The PLANET multiparameter Patient Monitoring system is intended to monitor a single adult, pediatric or neonatal patient's vital signs at the bedside or during intra-hospital transport along with the appropriate accessories mentioned / supplied with the unit. Vital signs parameters include ECG (3 lead), Plethysmograph. It can also display the digital values of HR/PR, SpO2, Non-Invasive Blood Pressure (Systolic, Diastolic and Mean) and Temperature readings.

The user, responsible to interpret the monitored data made available, will be a professional health care provider. The device , which can also be used as a portable device, permits patient monitoring with adjustable alarm limits as well as visible and audible alarm signals. The arrhythmia provided is only a rate related arrhythmia without alarms. The monitor is not intended for home use.

PLANET is a multi-parameter Patient Monitoring System (TFT color monitor) with ECG (3 lead),Temperature,NIPB, and pulse oximetry)with an optional built-in two channel thermal array recorder which can record online data (ECG waveform and plethysmograph) along with numerical values of other parameters. PLANET is a three channel monitor with waveform display capability for ECG (3 lead), cascade and plethysmograph. It also displays the digital values of heart rate, pulse rate, SpO2, non-invasive blood pressure (systolic, diastolic and mean) and temperature readings. It has graded and color coded alarms. It has 24 hours tabular and graphical trends for ECG, SpO2 and temperature. It has special tabular trend for NIPB to store the last 240 readings. Alarm recall feature offers last 16 alarm conditions. Printout of tabular trend and ECG waveform can be obtained through an optional inkjet printer.

The provided text is a 510(k) summary for the PLANET Monitoring System, a multi-parameter patient monitoring system. It primarily focuses on demonstrating substantial equivalence to predicate devices based on technological characteristics and compliance with standards, rather than presenting a detailed study proving performance against specific acceptance criteria for AI/ML features.

Therefore, the requested information elements such as sample sizes for test/training sets, ground truth establishment, expert qualifications, adjudication methods, MRMC studies, or standalone algorithm performance are not present in the provided document. This type of information is typically required for AI/ML device submissions, which were not the focus of this 2003 submission for a traditional patient monitor.

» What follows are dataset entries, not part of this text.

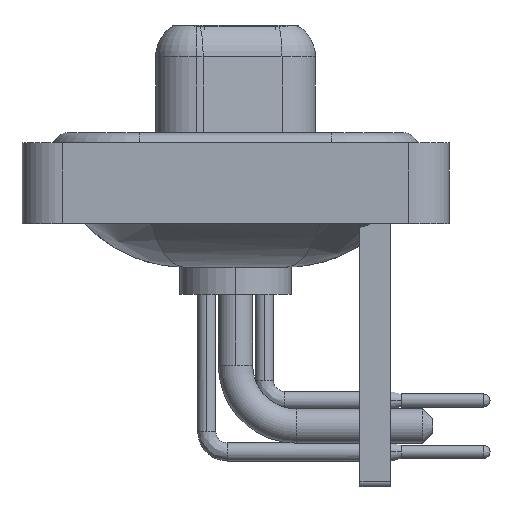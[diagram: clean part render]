
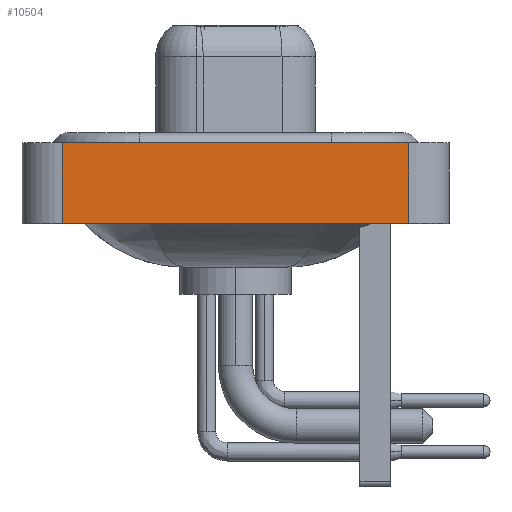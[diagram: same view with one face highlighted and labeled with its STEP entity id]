
A CAD part, left-side view. The second image highlights one B-rep face of the part: STEP entity #10504.
In plain terms, the highlighted planar face has unit normal (-1, 0, 0).
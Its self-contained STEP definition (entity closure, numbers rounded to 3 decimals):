
#40 = DIRECTION ( 'NONE',  ( 0., 0., 1. ) ) ;
#105 = ORIENTED_EDGE ( 'NONE', *, *, #7724, .T. ) ;
#135 = VECTOR ( 'NONE', #10469, 1000. ) ;
#145 = CARTESIAN_POINT ( 'NONE',  ( -7.3, -8.55, -3.6 ) ) ;
#608 = CARTESIAN_POINT ( 'NONE',  ( -7.3, 8.55, 0.4 ) ) ;
#687 = CARTESIAN_POINT ( 'NONE',  ( -7.3, 8.55, -3.6 ) ) ;
#1068 = DIRECTION ( 'NONE',  ( 0., 0., 1. ) ) ;
#3727 = CARTESIAN_POINT ( 'NONE',  ( -7.3, -8.55, -3.6 ) ) ;
#4418 = CARTESIAN_POINT ( 'NONE',  ( -7.3, 8.55, -3.6 ) ) ;
#6785 = ORIENTED_EDGE ( 'NONE', *, *, #21435, .F. ) ;
#7235 = EDGE_LOOP ( 'NONE', ( #105, #9617, #6785, #8795 ) ) ;
#7342 = VECTOR ( 'NONE', #18313, 1000. ) ;
#7724 = EDGE_CURVE ( 'NONE', #13373, #9838, #13305, .T. ) ;
#8795 = ORIENTED_EDGE ( 'NONE', *, *, #15200, .T. ) ;
#9617 = ORIENTED_EDGE ( 'NONE', *, *, #12669, .F. ) ;
#9838 = VERTEX_POINT ( 'NONE', #18182 ) ;
#10469 = DIRECTION ( 'NONE',  ( 0., -1., 0. ) ) ;
#10504 = ADVANCED_FACE ( 'NONE', ( #10648 ), #17292, .T. ) ;
#10648 = FACE_OUTER_BOUND ( 'NONE', #7235, .T. ) ;
#12026 = LINE ( 'NONE', #15179, #7342 ) ;
#12436 = DIRECTION ( 'NONE',  ( 0., 0., 1. ) ) ;
#12669 = EDGE_CURVE ( 'NONE', #20215, #9838, #12026, .T. ) ;
#13305 = LINE ( 'NONE', #145, #21294 ) ;
#13373 = VERTEX_POINT ( 'NONE', #13479 ) ;
#13479 = CARTESIAN_POINT ( 'NONE',  ( -7.3, -8.55, -3.6 ) ) ;
#15179 = CARTESIAN_POINT ( 'NONE',  ( -7.3, -8.55, 0.4 ) ) ;
#15200 = EDGE_CURVE ( 'NONE', #17067, #13373, #16901, .T. ) ;
#16901 = LINE ( 'NONE', #3727, #135 ) ;
#17067 = VERTEX_POINT ( 'NONE', #4418 ) ;
#17292 = PLANE ( 'NONE',  #19062 ) ;
#18182 = CARTESIAN_POINT ( 'NONE',  ( -7.3, -8.55, 0.4 ) ) ;
#18313 = DIRECTION ( 'NONE',  ( 0., -1., 0. ) ) ;
#19062 = AXIS2_PLACEMENT_3D ( 'NONE', #19111, #19315, #1068 ) ;
#19111 = CARTESIAN_POINT ( 'NONE',  ( -7.3, -8.55, -3.6 ) ) ;
#19315 = DIRECTION ( 'NONE',  ( -1., 0., 0. ) ) ;
#20215 = VERTEX_POINT ( 'NONE', #608 ) ;
#20440 = LINE ( 'NONE', #687, #21282 ) ;
#21282 = VECTOR ( 'NONE', #12436, 1000. ) ;
#21294 = VECTOR ( 'NONE', #40, 1000. ) ;
#21435 = EDGE_CURVE ( 'NONE', #17067, #20215, #20440, .T. ) ;
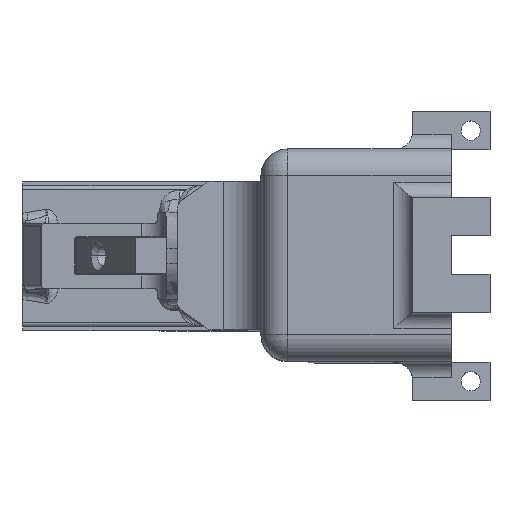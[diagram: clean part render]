
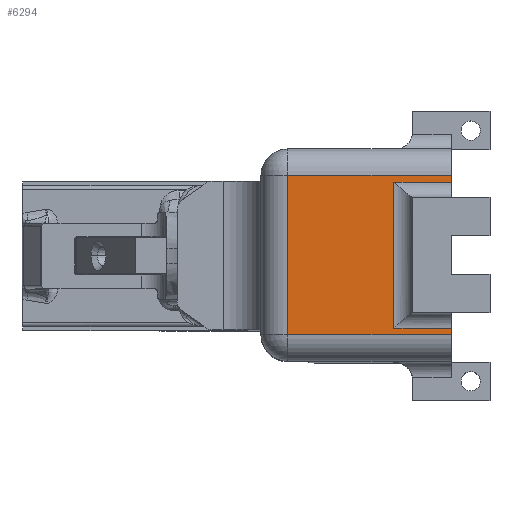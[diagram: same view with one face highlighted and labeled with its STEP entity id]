
A CAD part, top view. The second image highlights one B-rep face of the part: STEP entity #6294.
In plain terms, the highlighted planar face has unit normal (0, 0, 1).
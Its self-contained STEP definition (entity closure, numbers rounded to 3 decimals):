
#241 = ORIENTED_EDGE ( 'NONE', *, *, #12892, .T. ) ;
#513 = VECTOR ( 'NONE', #10686, 1000. ) ;
#526 = ORIENTED_EDGE ( 'NONE', *, *, #7362, .T. ) ;
#688 = CARTESIAN_POINT ( 'NONE',  ( 101.362, -20.148, 147.352 ) ) ;
#727 = VECTOR ( 'NONE', #2937, 1000. ) ;
#798 = VECTOR ( 'NONE', #6088, 1000. ) ;
#1555 = DIRECTION ( 'NONE',  ( -1., 0., 0. ) ) ;
#1614 = VECTOR ( 'NONE', #14887, 1000. ) ;
#1724 = CARTESIAN_POINT ( 'NONE',  ( 116.522, -60.353, 147.352 ) ) ;
#2037 = CARTESIAN_POINT ( 'NONE',  ( 116.522, -20.148, 147.352 ) ) ;
#2259 = DIRECTION ( 'NONE',  ( 0., 0., -1. ) ) ;
#2571 = VERTEX_POINT ( 'NONE', #9366 ) ;
#2937 = DIRECTION ( 'NONE',  ( 1., 0., 0. ) ) ;
#3567 = CARTESIAN_POINT ( 'NONE',  ( 101.362, -58.628, 147.352 ) ) ;
#3984 = EDGE_CURVE ( 'NONE', #9633, #13774, #4321, .T. ) ;
#4130 = CARTESIAN_POINT ( 'NONE',  ( 116.522, -18.424, 147.352 ) ) ;
#4321 = LINE ( 'NONE', #15318, #13390 ) ;
#4377 = VECTOR ( 'NONE', #14145, 1000. ) ;
#4476 = LINE ( 'NONE', #8547, #798 ) ;
#4928 = CARTESIAN_POINT ( 'NONE',  ( 106.362, -58.628, 147.352 ) ) ;
#5693 = ORIENTED_EDGE ( 'NONE', *, *, #10358, .T. ) ;
#5819 = CARTESIAN_POINT ( 'NONE',  ( 116.522, -11.424, 147.352 ) ) ;
#5838 = EDGE_CURVE ( 'NONE', #2571, #9008, #9669, .T. ) ;
#5915 = VERTEX_POINT ( 'NONE', #4130 ) ;
#6088 = DIRECTION ( 'NONE',  ( 0., 1., 0. ) ) ;
#6159 = LINE ( 'NONE', #5819, #12513 ) ;
#6294 = ADVANCED_FACE ( 'NONE', ( #11212 ), #8500, .F. ) ;
#7362 = EDGE_CURVE ( 'NONE', #13774, #11823, #15043, .T. ) ;
#7789 = LINE ( 'NONE', #8715, #1614 ) ;
#8068 = CARTESIAN_POINT ( 'NONE',  ( 0., -20.148, 147.352 ) ) ;
#8192 = CARTESIAN_POINT ( 'NONE',  ( 73.323, -60.353, 147.352 ) ) ;
#8500 = PLANE ( 'NONE',  #11731 ) ;
#8547 = CARTESIAN_POINT ( 'NONE',  ( 116.522, -11.424, 147.352 ) ) ;
#8715 = CARTESIAN_POINT ( 'NONE',  ( 73.323, -18.424, 147.352 ) ) ;
#8789 = ORIENTED_EDGE ( 'NONE', *, *, #5838, .T. ) ;
#8901 = EDGE_CURVE ( 'NONE', #9008, #10257, #11506, .T. ) ;
#9008 = VERTEX_POINT ( 'NONE', #3567 ) ;
#9366 = CARTESIAN_POINT ( 'NONE',  ( 116.522, -58.628, 147.352 ) ) ;
#9547 = DIRECTION ( 'NONE',  ( 0., 1., 0. ) ) ;
#9633 = VERTEX_POINT ( 'NONE', #12980 ) ;
#9669 = LINE ( 'NONE', #4928, #11790 ) ;
#10257 = VERTEX_POINT ( 'NONE', #12639 ) ;
#10358 = EDGE_CURVE ( 'NONE', #5915, #9633, #7789, .T. ) ;
#10368 = CARTESIAN_POINT ( 'NONE',  ( 116.522, -60.353, 147.352 ) ) ;
#10686 = DIRECTION ( 'NONE',  ( 1., 0., 0. ) ) ;
#10857 = DIRECTION ( 'NONE',  ( -1., 0., 0. ) ) ;
#11212 = FACE_OUTER_BOUND ( 'NONE', #12651, .T. ) ;
#11506 = LINE ( 'NONE', #688, #4377 ) ;
#11731 = AXIS2_PLACEMENT_3D ( 'NONE', #12140, #2259, #10857 ) ;
#11790 = VECTOR ( 'NONE', #1555, 1000. ) ;
#11823 = VERTEX_POINT ( 'NONE', #1724 ) ;
#12140 = CARTESIAN_POINT ( 'NONE',  ( 0., 0., 147.352 ) ) ;
#12513 = VECTOR ( 'NONE', #9547, 1000. ) ;
#12539 = ORIENTED_EDGE ( 'NONE', *, *, #8901, .T. ) ;
#12639 = CARTESIAN_POINT ( 'NONE',  ( 101.362, -20.148, 147.352 ) ) ;
#12651 = EDGE_LOOP ( 'NONE', ( #8789, #12539, #15854, #12963, #5693, #15279, #526, #241 ) ) ;
#12883 = LINE ( 'NONE', #8068, #513 ) ;
#12892 = EDGE_CURVE ( 'NONE', #11823, #2571, #4476, .T. ) ;
#12963 = ORIENTED_EDGE ( 'NONE', *, *, #14353, .T. ) ;
#12980 = CARTESIAN_POINT ( 'NONE',  ( 73.323, -18.424, 147.352 ) ) ;
#12987 = DIRECTION ( 'NONE',  ( 0., -1., 0. ) ) ;
#13390 = VECTOR ( 'NONE', #12987, 1000. ) ;
#13774 = VERTEX_POINT ( 'NONE', #8192 ) ;
#14145 = DIRECTION ( 'NONE',  ( 0., 1., 0. ) ) ;
#14353 = EDGE_CURVE ( 'NONE', #15685, #5915, #6159, .T. ) ;
#14887 = DIRECTION ( 'NONE',  ( -1., 0., 0. ) ) ;
#15043 = LINE ( 'NONE', #10368, #727 ) ;
#15279 = ORIENTED_EDGE ( 'NONE', *, *, #3984, .T. ) ;
#15318 = CARTESIAN_POINT ( 'NONE',  ( 73.323, 0., 147.352 ) ) ;
#15650 = EDGE_CURVE ( 'NONE', #10257, #15685, #12883, .T. ) ;
#15685 = VERTEX_POINT ( 'NONE', #2037 ) ;
#15854 = ORIENTED_EDGE ( 'NONE', *, *, #15650, .T. ) ;
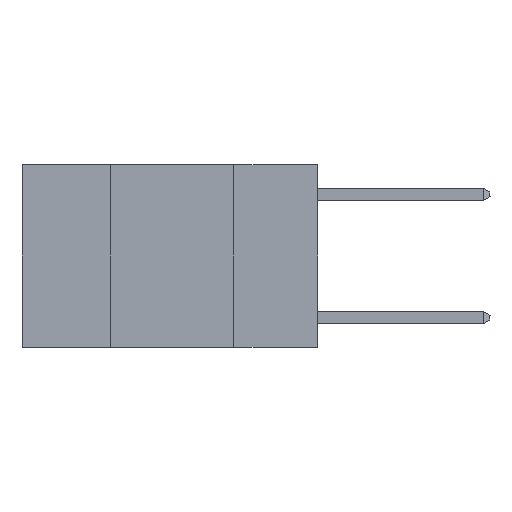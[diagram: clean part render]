
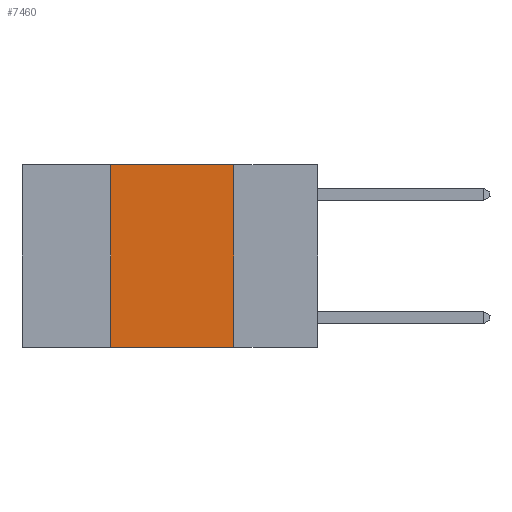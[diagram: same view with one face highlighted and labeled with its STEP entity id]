
A CAD part, left-side view. The second image highlights one B-rep face of the part: STEP entity #7460.
In plain terms, the highlighted planar face has unit normal (-1, 0, 0).
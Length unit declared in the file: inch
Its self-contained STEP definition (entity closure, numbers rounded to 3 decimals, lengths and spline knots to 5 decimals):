
#247 = LINE ( 'NONE', #5176, #10964 ) ;
#666 = EDGE_CURVE ( 'NONE', #3614, #4379, #9893, .T. ) ;
#1423 = DIRECTION ( 'NONE',  ( 0., 0., 1. ) ) ;
#1557 = ORIENTED_EDGE ( 'NONE', *, *, #5842, .F. ) ;
#2256 = CARTESIAN_POINT ( 'NONE',  ( 0., 0.17, 0. ) ) ;
#2316 = LINE ( 'NONE', #2468, #9292 ) ;
#2339 = EDGE_CURVE ( 'NONE', #12388, #6804, #247, .T. ) ;
#2468 = CARTESIAN_POINT ( 'NONE',  ( 0., 0.17, 0. ) ) ;
#2646 = CARTESIAN_POINT ( 'NONE',  ( 0., 0.42, 0. ) ) ;
#2925 = EDGE_CURVE ( 'NONE', #3614, #12388, #13571, .T. ) ;
#3343 = CARTESIAN_POINT ( 'NONE',  ( 0., 0.42, -0.37 ) ) ;
#3614 = VERTEX_POINT ( 'NONE', #3343 ) ;
#3816 = DIRECTION ( 'NONE',  ( 0., 0., -1. ) ) ;
#4379 = VERTEX_POINT ( 'NONE', #13814 ) ;
#4409 = CARTESIAN_POINT ( 'NONE',  ( 0., 0.42, 0. ) ) ;
#5122 = CARTESIAN_POINT ( 'NONE',  ( 0., 0.6, 0. ) ) ;
#5176 = CARTESIAN_POINT ( 'NONE',  ( 0., 0.6, 0. ) ) ;
#5347 = CARTESIAN_POINT ( 'NONE',  ( 0., 0.6, -0.37 ) ) ;
#5842 = EDGE_CURVE ( 'NONE', #6804, #4379, #2316, .T. ) ;
#6416 = VECTOR ( 'NONE', #1423, 39.37008 ) ;
#6804 = VERTEX_POINT ( 'NONE', #2256 ) ;
#7201 = DIRECTION ( 'NONE',  ( 0., 0., -1. ) ) ;
#7460 = ADVANCED_FACE ( 'NONE', ( #13779 ), #10058, .F. ) ;
#7526 = ORIENTED_EDGE ( 'NONE', *, *, #2925, .F. ) ;
#7621 = AXIS2_PLACEMENT_3D ( 'NONE', #5122, #14925, #3816 ) ;
#9292 = VECTOR ( 'NONE', #7201, 39.37008 ) ;
#9409 = EDGE_LOOP ( 'NONE', ( #1557, #14186, #7526, #14572 ) ) ;
#9541 = VECTOR ( 'NONE', #14909, 39.37008 ) ;
#9893 = LINE ( 'NONE', #5347, #9541 ) ;
#10058 = PLANE ( 'NONE',  #7621 ) ;
#10964 = VECTOR ( 'NONE', #13518, 39.37008 ) ;
#12388 = VERTEX_POINT ( 'NONE', #4409 ) ;
#13518 = DIRECTION ( 'NONE',  ( 0., -1., 0. ) ) ;
#13571 = LINE ( 'NONE', #2646, #6416 ) ;
#13779 = FACE_OUTER_BOUND ( 'NONE', #9409, .T. ) ;
#13814 = CARTESIAN_POINT ( 'NONE',  ( 0., 0.17, -0.37 ) ) ;
#14186 = ORIENTED_EDGE ( 'NONE', *, *, #2339, .F. ) ;
#14572 = ORIENTED_EDGE ( 'NONE', *, *, #666, .T. ) ;
#14909 = DIRECTION ( 'NONE',  ( 0., -1., 0. ) ) ;
#14925 = DIRECTION ( 'NONE',  ( 1., 0., 0. ) ) ;

Here's a breakdown of what can be extracted and what is missing:

1. A table of acceptance criteria and the reported device performance

The document states: "The range and accuracy of the parameters & method of sensing are similar to the predicate devices." It also lists compliance with several international standards. However, specific numerical acceptance criteria (e.g., accuracy +/- X% for heart rate) and reported performance values are not provided within this summary for specific vital signs parameters. The table below reflects the general claims made about similarity and compliance.

2. Sample sized used for the test set and the data provenance (e.g. country of origin of the data, retrospective or prospective)

• Not provided. The document focuses on technological similarities and compliance with engineering standards, not on clinical performance studies with test sets.

3. Number of experts used to establish the ground truth for the test set and the qualifications of those experts (e.g. radiologist with 10 years of experience)

• Not applicable/Not provided. This is relevant for AI/ML performance evaluation, which is not described.

4. Adjudication method (e.g. 2+1, 3+1, none) for the test set

• Not applicable/Not provided. This is relevant for AI/ML performance evaluation, which is not described.

5. If a multi reader multi case (MRMC) comparative effectiveness study was done, If so, what was the effect size of how much human readers improve with AI vs without AI assistance

• Not applicable/Not provided. This is a traditional patient monitor without AI assistance described in the 510(k) summary.

6. If a standalone (i.e. algorithm only without human-in-the-loop performance) was done

• Not applicable/Not provided. This is a traditional patient monitor without a standalone algorithm as defined for AI/ML.

7. The type of ground truth used (expert consensus, pathology, outcomes data, etc)

• Not applicable/Not provided. Ground truth for AI/ML training/testing is not part of this submission's summary. The "ground truth" for this device would be considered the physical measurements from validated sensors/methods, and the document implies these are similar to predicate devices.

8. The sample size for the training set

• Not applicable/Not provided. There is no mention of a training set as this is not an AI/ML device.

9. How the ground truth for the training set was established

• Not applicable/Not provided. There is no mention of a training set.